Export the DDS environment variable in every shell you use:

export CYCLONEDDS_HOME=~/cyclonedds/install

The deployment scripts automatically release the robot's high-level sport mode before taking low-level control — no manual step needed.

cd ~/go2-sim2real-deploy export CYCLONEDDS_HOME=~/cyclonedds/install python3 example/go2/low_level/final/go2_policy_walk.py enp0s31f6

Replace enp0s31f6 with your network interface name.

python3 example/go2/low_level/final/go2_policy_stairs.py enp0s31f6

1. Script releases sport mode — the robot calls StandDown() and sits
2. Rule-based ramp to standing pose over ~4 seconds (STAND_SECONDS = 4.0)
3. Terminal prints *** ROBOT IS STANDING - READY TO START ***
4. Type go and press Enter to hand control to the policy
5. Press any movement key to start walking — the policy activates on the first command

If you type anything other than go at step 4, the script aborts and holds the stand pose until you kill it.

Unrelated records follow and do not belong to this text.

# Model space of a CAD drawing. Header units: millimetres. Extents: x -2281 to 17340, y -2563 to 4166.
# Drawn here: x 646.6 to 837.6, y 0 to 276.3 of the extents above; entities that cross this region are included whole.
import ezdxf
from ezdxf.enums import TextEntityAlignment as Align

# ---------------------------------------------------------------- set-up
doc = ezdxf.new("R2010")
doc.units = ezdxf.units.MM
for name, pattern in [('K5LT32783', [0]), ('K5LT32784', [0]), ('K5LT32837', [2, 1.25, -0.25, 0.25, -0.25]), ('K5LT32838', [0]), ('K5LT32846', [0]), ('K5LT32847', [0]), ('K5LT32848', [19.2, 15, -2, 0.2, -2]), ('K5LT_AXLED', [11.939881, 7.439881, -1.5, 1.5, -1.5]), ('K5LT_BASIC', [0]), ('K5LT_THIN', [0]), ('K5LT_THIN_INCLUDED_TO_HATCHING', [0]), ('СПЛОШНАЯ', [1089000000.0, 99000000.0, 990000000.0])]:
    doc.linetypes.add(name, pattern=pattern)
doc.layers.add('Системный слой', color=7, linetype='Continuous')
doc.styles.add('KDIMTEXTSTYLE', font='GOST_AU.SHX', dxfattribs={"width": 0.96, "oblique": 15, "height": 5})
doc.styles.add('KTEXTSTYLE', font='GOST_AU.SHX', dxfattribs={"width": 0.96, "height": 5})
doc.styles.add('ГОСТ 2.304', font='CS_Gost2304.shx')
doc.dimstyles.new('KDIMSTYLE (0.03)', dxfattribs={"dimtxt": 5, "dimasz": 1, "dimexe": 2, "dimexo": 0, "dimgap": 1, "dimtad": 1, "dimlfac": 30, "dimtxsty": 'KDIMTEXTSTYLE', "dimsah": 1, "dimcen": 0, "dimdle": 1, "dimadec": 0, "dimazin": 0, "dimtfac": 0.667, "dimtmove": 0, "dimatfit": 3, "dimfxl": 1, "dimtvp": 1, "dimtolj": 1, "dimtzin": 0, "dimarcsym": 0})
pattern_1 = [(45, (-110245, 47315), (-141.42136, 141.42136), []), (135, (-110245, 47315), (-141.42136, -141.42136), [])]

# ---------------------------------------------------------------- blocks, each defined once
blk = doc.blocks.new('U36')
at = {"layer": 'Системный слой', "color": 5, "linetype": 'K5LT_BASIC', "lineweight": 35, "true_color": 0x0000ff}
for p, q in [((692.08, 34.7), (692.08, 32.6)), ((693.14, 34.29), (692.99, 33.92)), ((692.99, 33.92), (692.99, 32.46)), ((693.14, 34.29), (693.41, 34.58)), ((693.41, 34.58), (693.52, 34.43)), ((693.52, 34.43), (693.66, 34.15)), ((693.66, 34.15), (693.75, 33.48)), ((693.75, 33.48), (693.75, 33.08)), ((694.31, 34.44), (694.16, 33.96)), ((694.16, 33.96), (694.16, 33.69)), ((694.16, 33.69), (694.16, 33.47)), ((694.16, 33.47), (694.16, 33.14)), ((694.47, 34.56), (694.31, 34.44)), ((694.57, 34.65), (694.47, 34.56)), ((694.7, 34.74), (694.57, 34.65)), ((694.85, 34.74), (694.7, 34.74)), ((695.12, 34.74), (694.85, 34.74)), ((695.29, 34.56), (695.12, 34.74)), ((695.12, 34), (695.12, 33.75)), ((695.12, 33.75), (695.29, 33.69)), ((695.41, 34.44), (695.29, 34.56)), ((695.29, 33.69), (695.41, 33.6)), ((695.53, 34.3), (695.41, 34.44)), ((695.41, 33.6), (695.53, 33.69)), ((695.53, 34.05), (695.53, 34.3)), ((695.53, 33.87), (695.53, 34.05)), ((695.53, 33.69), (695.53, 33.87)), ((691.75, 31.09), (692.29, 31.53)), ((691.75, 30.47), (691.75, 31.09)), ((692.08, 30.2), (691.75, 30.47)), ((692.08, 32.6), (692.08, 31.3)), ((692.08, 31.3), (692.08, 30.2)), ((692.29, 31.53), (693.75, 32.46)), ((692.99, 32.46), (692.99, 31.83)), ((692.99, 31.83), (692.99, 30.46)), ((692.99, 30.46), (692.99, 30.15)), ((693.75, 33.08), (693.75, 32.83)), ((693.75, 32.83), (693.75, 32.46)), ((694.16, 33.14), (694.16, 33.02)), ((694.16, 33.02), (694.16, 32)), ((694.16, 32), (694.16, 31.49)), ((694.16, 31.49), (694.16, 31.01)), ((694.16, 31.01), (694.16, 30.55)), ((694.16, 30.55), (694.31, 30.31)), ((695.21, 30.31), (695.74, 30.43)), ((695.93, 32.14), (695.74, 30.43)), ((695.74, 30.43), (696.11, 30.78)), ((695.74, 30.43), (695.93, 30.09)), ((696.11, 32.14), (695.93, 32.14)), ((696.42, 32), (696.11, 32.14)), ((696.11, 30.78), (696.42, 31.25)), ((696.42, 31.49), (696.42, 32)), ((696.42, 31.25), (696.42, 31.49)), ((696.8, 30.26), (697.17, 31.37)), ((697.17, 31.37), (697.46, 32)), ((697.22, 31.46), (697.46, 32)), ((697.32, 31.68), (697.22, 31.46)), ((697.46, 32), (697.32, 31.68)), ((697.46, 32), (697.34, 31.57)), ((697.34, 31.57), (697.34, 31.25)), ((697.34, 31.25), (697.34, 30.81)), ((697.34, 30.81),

Each script has a MODE variable near the top that controls behavior:

Change the mode by editing the line at the top of the script:

MODE = "robot_run" # "dummy" | "robot_print" | "robot_run"

Start with "robot_print" to verify DDS communication and policy output before running live.

The example/go2/high_level/ directory contains utilities for high-level sport mode control (stand, velocity commands, special motions). These are useful for diagnostics or manual testing:

python3 example/go2/high_level/go2_sport_client.py enp0s31f6

Replace enp0s31f6 with your interface name.

All tunable parameters are defined as constants near the top of each script. Edit them before running — no retraining needed.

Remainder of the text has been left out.